(Stored data entries)
------
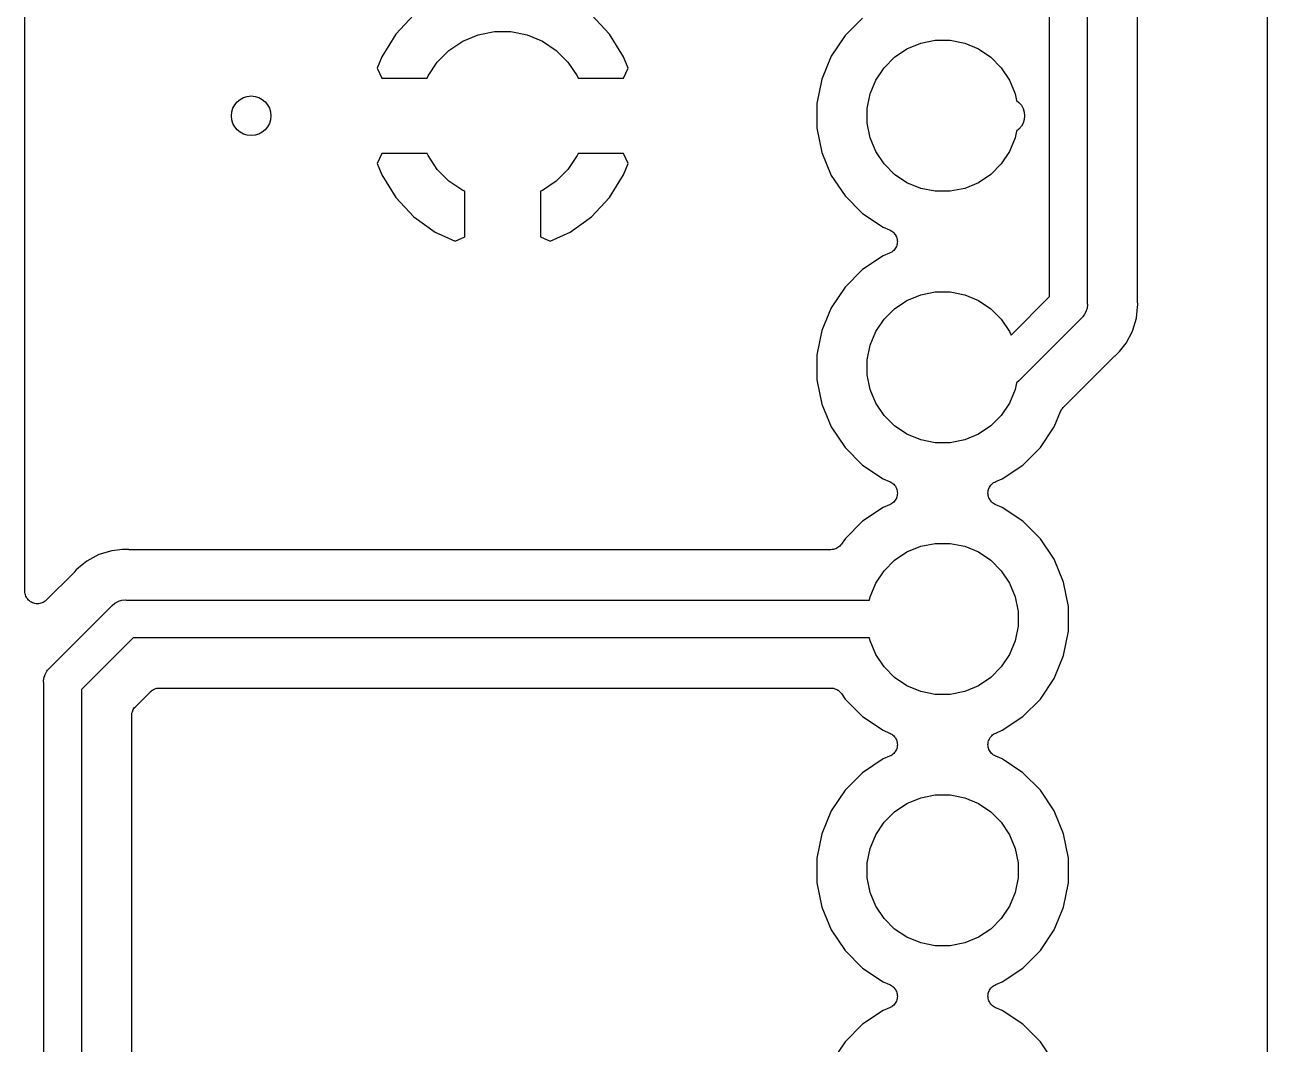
# Model space of a CAD drawing. Extents: x 1.17 to 5.78, y -4.25 to -1.3.
# Drawn here: x 5.285 to 5.779, y -2.3941 to -1.9889 of the extents above; entities that cross this region are included whole.
import ezdxf

# ---------------------------------------------------------------- set-up
doc = ezdxf.new("R2010")
doc.units = 0
doc.header["$MEASUREMENT"] = 0
doc.layers.add('BLACK', color=7, linetype='CONTINUOUS')

msp = doc.modelspace()

# ---------------------------------------------------------------- linework, layer by layer
at = {"layer": 'BLACK', "linetype": 'CONTINUOUS'}
for p, q in [((5.77902, -1.35086), (5.77902, -4.19873)), ((5.6925, -2.09689), (5.6925, -1.37811)), ((5.7075, -1.37537), (5.7075, -2.09963)), ((5.7275, -2.0984), (5.7275, -1.3766)), ((5.285, -2.21404), (5.285, -1.49157)), ((5.4397, -1.98488), (5.43255, -1.99254)), ((5.51745, -1.99254), (5.5103, -1.98488)), ((5.61813, -1.98616), (5.61116, -1.99313)), ((5.43255, -1.99254), (5.42698, -2.00152)), ((5.45367, -1.99901), (5.45915, -1.99534)), ((5.45915, -1.99534), (5.46524, -1.99282)), ((5.46524, -1.99282), (5.4717, -1.99154)), ((5.4717, -1.99154), (5.4783, -1.99154)), ((5.4783, -1.99154), (5.48476, -1.99282)), ((5.48476, -1.99282), (5.49085, -1.99534)), ((5.49085, -1.99534), (5.49633, -1.99901)), ((5.52302, -2.00152), (5.51745, -1.99254)), ((5.61116, -1.99313), (5.60569, -2.00132)), ((5.64125, -1.99615), (5.64705, -1.995)), ((5.64705, -1.995), (5.65295, -1.995)), ((5.65295, -1.995), (5.65875, -1.99615)), ((5.44901, -2.00367), (5.45367, -1.99901)), ((5.49633, -1.99901), (5.50099, -2.00367)), ((5.63088, -2.0017), (5.63579, -1.99841)), ((5.63579, -1.99841), (5.64125, -1.99615)), ((5.65875, -1.99615), (5.66421, -1.99841)), ((5.66421, -1.99841), (5.66912, -2.0017)), ((5.42698, -2.00152), (5.42513, -2.00601)), ((5.44534, -2.00915), (5.44901, -2.00367)), ((5.50099, -2.00367), (5.50466, -2.00915)), ((5.52487, -2.00601), (5.52302, -2.00152)), ((5.60569, -2.00132), (5.60192, -2.01042)), ((5.6267, -2.00588), (5.63088, -2.0017)), ((5.66912, -2.0017), (5.6733, -2.00588)), ((5.42513, -2.00601), (5.42696, -2.01)), ((5.42696, -2.01), (5.44499, -2.01)), ((5.44499, -2.01), (5.44534, -2.00915)), ((5.50466, -2.00915), (5.50501, -2.01)), ((5.50501, -2.01), (5.52304, -2.01)), ((5.52304, -2.01), (5.52487, -2.00601)), ((5.60192, -2.01042), (5.6, -2.02008)), ((5.62341, -2.01079), (5.6267, -2.00588)), ((5.6733, -2.00588), (5.67659, -2.01079)), ((5.62115, -2.01625), (5.62341, -2.01079)), ((5.67659, -2.01079), (5.67885, -2.01625)), ((5.6, -2.02008), (5.6, -2.02992)), ((5.62, -2.02205), (5.62115, -2.01625)), ((5.67885, -2.01625), (5.67937, -2.01889)), ((5.67937, -2.01889), (5.68033, -2.01967)), ((5.68033, -2.01967), (5.68127, -2.02081)), ((5.62, -2.02795), (5.62, -2.02205)), ((5.68127, -2.02081), (5.68196, -2.02212)), ((5.68196, -2.02212), (5.68239, -2.02353)), ((5.68239, -2.02353), (5.68254, -2.025)), ((5.68254, -2.025), (5.68239, -2.02647)), ((5.6, -2.02992), (5.60192, -2.03958)), ((5.62115, -2.03375), (5.62, -2.02795)), ((5.68033, -2.03033), (5.67937, -2.03111)), ((5.68127, -2.02919), (5.68033, -2.03033)), ((5.68196, -2.02788), (5.68127, -2.02919)), ((5.68239, -2.02647), (5.68196, -2.02788)), ((5.62341, -2.03921), (5.62115, -2.03375)), ((5.67885, -2.03375), (5.67659, -2.03921)), ((5.67937, -2.03111), (5.67885, -2.03375)), ((5.42696, -2.04), (5.42513, -2.04399)), ((5.44499, -2.04), (5.42696, -2.04)), ((5.44534, -2.04085), (5.44499, -2.04)), ((5.50501, -2.04), (5.50466, -2.04085)), ((5.52304, -2.04), (5.50501, -2.04)), ((5.52487, -2.04399), (5.52304, -2.04)), ((5.60192, -2.03958), (5.60569, -2.04868)), ((5.6267, -2.04412), (5.62341, -2.03921)), ((5.67659, -2.03921), (5.6733, -2.04412)), ((5.42513, -2.04399), (5.42698, -2.04848)), ((5.44901, -2.04633), (5.44534, -2.04085)), ((5.50466, -2.04085), (5.50099, -2.04633)), ((5.52302, -2.04848), (5.52487, -2.04399)), ((5.63088, -2.0483), (5.6267, -2.04412)), ((5.6733, -2.04412), (5.66912, -2.0483)), ((5.42698, -2.04848), (5.43255, -2.05746)), ((5.45367, -2.05099), (5.44901, -2.04633)), ((5.50099, -2.04633), (5.49633, -2.05099)), ((5.51745, -2.05746), (5.52302, -2.04848)), ((5.60569, -2.04868), (5.61116, -2.05687)), ((5.63579, -2.05159), (5.63088, -2.0483)), ((5.66912, -2.0483), (5.66421, -2.05159)), ((5.45915, -2.05466), (5.45367, -2.05099)), ((5.46, -2.05501), (5.45915, -2.05466)), ((5.46, -2.07311), (5.46, -2.05501)), ((5.49085, -2.05466), (5.49, -2.05501)), ((5.49, -2.05501), (5.49, -2.07311)), ((5.49633, -2.05099), (5.49085, -2.05466)), ((5.64125, -2.05385), (5.63579, -2.05159)), ((5.64705, -2.055), (5.64125, -2.05385)), ((5.65295, -2.055), (5.64705, -2.055)), ((5.65875, -2.05385), (5.65295, -2.055)), ((5.66421, -2.05159), (5.65875, -2.05385)), ((5.43255, -2.05746), (5.4397, -2.06512)), ((5.5103, -2.06512), (5.51745, -2.05746)), ((5.61116, -2.05687), (5.61813, -2.06384)), ((5.61813, -2.06384), (5.62632, -2.06931)), ((5.4397, -2.06512), (5.4482, -2.07124)), ((5.5018, -2.07124), (5.5103, -2.06512)), ((5.62632, -2.06931), (5.6289, -2.07038)), ((5.4482, -2.07124), (5.45613, -2.07484)), ((5.45613, -2.07484), (5.46, -2.07311)), ((5.49, -2.07311), (5.49387, -2.07484)), ((5.49387, -2.07484), (5.5018, -2.07124)), ((5.6289, -2.07038), (5.62895, -2.0704)), ((5.62895, -2.0704), (5.62895, -2.0704)), ((5.62895, -2.0704), (5.62895, -2.0704)), ((5.62895, -2.0704), (5.62897, -2.07041)), ((5.62897, -2.07041), (5.62939, -2.07064)), ((5.62939, -2.07064), (5.62981, -2.07087)), ((5.62981, -2.07087), (5.62981, -2.07088)), ((5.62981, -2.07088), (5.62982, -2.07088)), ((5.62982, -2.07088), (5.63019, -2.07119)), ((5.63019, -2.07119), (5.63056, -2.0715)), ((5.63056, -2.0715), (5.63056, -2.0715)), ((5.63056, -2.0715), (5.63057, -2.07151)), ((5.63057, -2.07151), (5.63086, -2.07188)), ((5.63086, -2.07188), (5.63117, -2.07225)), ((5.63117, -2.07225), (5.63117, -2.07226)), ((5.63117, -2.07226), (5.63118, -2.07227)), ((5.63118, -2.07227), (5.6314, -2.07269)), ((5.6314, -2.07269), (5.63162, -2.07312)), ((5.63162, -2.07312), (5.63162, -2.07313)), ((5.63162, -2.07313), (5.63163, -2.07314)), ((5.63163, -2.07314), (5.63176, -2.0736)), ((5.63176, -2.0736), (5.6319, -2.07405)), ((5.6319, -2.07405), (5.6319, -2.07406)), ((5.6319, -2.07406), (5.6319, -2.07407)), ((5.6319, -2.07407), (5.63194, -2.07455)), ((5.63194, -2.07455), (5.63199, -2.07503)), ((5.6289, -2.07962), (5.62632, -2.08069)), ((5.62933, -2.07939), (5.6289, -2.07962)), ((5.62975, -2.07917), (5.62933, -2.07939)), ((5.62976, -2.07916), (5.62975, -2.07917)), ((5.63014, -2.07885), (5.62976, -2.07916)), ((5.62976, -2.07916), (5.62976, -2.07916)), ((5.63051, -2.07855), (5.63014, -2.07885)), ((5.63052, -2.07854), (5.63051, -2.07855)), ((5.63051, -2.07855), (5.63051, -2.07855)), ((5.63083, -2.07817), (5.63052, -2.07854)), ((5.63113, -2.0778), (5.63083, -2.07817)), ((5.63114, -2.07779), (5.63113, -2.0778)), ((5.63113, -2.0778), (5.63113, -2.0778)), ((5.63137, -2.07736), (5.63114, -2.07779)), ((5.63159, -2.07695), (5.63137, -2.07736)), ((5.6316, -2.07694), (5.63159, -2.07695)), ((5.63174, -2.07647), (5.6316, -2.07693)), ((5.6316, -2.07693), (5.6316, -2.07694)), ((5.63188, -2.07601), (5.63174, -2.07647)), ((5.63189, -2.07601), (5.63188, -2.07601)), ((5.63194, -2.07552), (5.63189, -2.076)), ((5.63189, -2.076), (5.63189, -2.07601)), ((5.63199, -2.07504), (5.63194, -2.07552)), ((5.63199, -2.07503), (5.63199, -2.07503)), ((5.63199, -2.07503), (5.63199, -2.07504)), ((5.62632, -2.08069), (5.61813, -2.08616)), ((5.61813, -2.08616), (5.61116, -2.09313)), ((5.61116, -2.09313), (5.60569, -2.10132)), ((5.63088, -2.1017), (5.63579, -2.09841)), ((5.63579, -2.09841), (5.64125, -2.09615)), ((5.64125, -2.09615), (5.64705, -2.095)), ((5.64705, -2.095), (5.65295, -2.095)), ((5.65295, -2.095), (5.65875, -2.09615)), ((5.65875, -2.09615), (5.66421, -2.09841)), ((5.66421, -2.09841), (5.66912, -2.1017)), ((5.67718, -2.11222), (5.6925, -2.09689)), ((5.72752, -2.09861), (5.7275, -2.0984)), ((5.72752, -2.09882), (5.72752, -2.09861)), ((5.72752, -2.09889), (5.72752, -2.09882)), ((5.72763, -2.1), (5.72752, -2.09889)), ((5.60569, -2.10132), (5.60192, -2.11042)), ((5.6267, -2.10588), (5.63088, -2.1017)), ((5.66912, -2.1017), (5.6733, -2.10588)), ((5.70627, -2.10419), (5.70577, -2.1048)), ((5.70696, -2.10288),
------
- _BRIEF_: Transcribe, from the records above, the first line and every line after it up to and including the line with "msp = doc.modelspace()"; omit pictures.

- _SOLUTION FOR THIS EXERCISE_:
# Model space of a CAD drawing. Extents: x 1.17 to 5.78, y -4.25 to -1.3.
# Drawn here: x 5.285 to 5.779, y -2.3941 to -1.9889 of the extents above; entities that cross this region are included whole.
import ezdxf

# ---------------------------------------------------------------- set-up
doc = ezdxf.new("R2010")
doc.units = 0
doc.header["$MEASUREMENT"] = 0
doc.layers.add('BLACK', color=7, linetype='CONTINUOUS')

msp = doc.modelspace()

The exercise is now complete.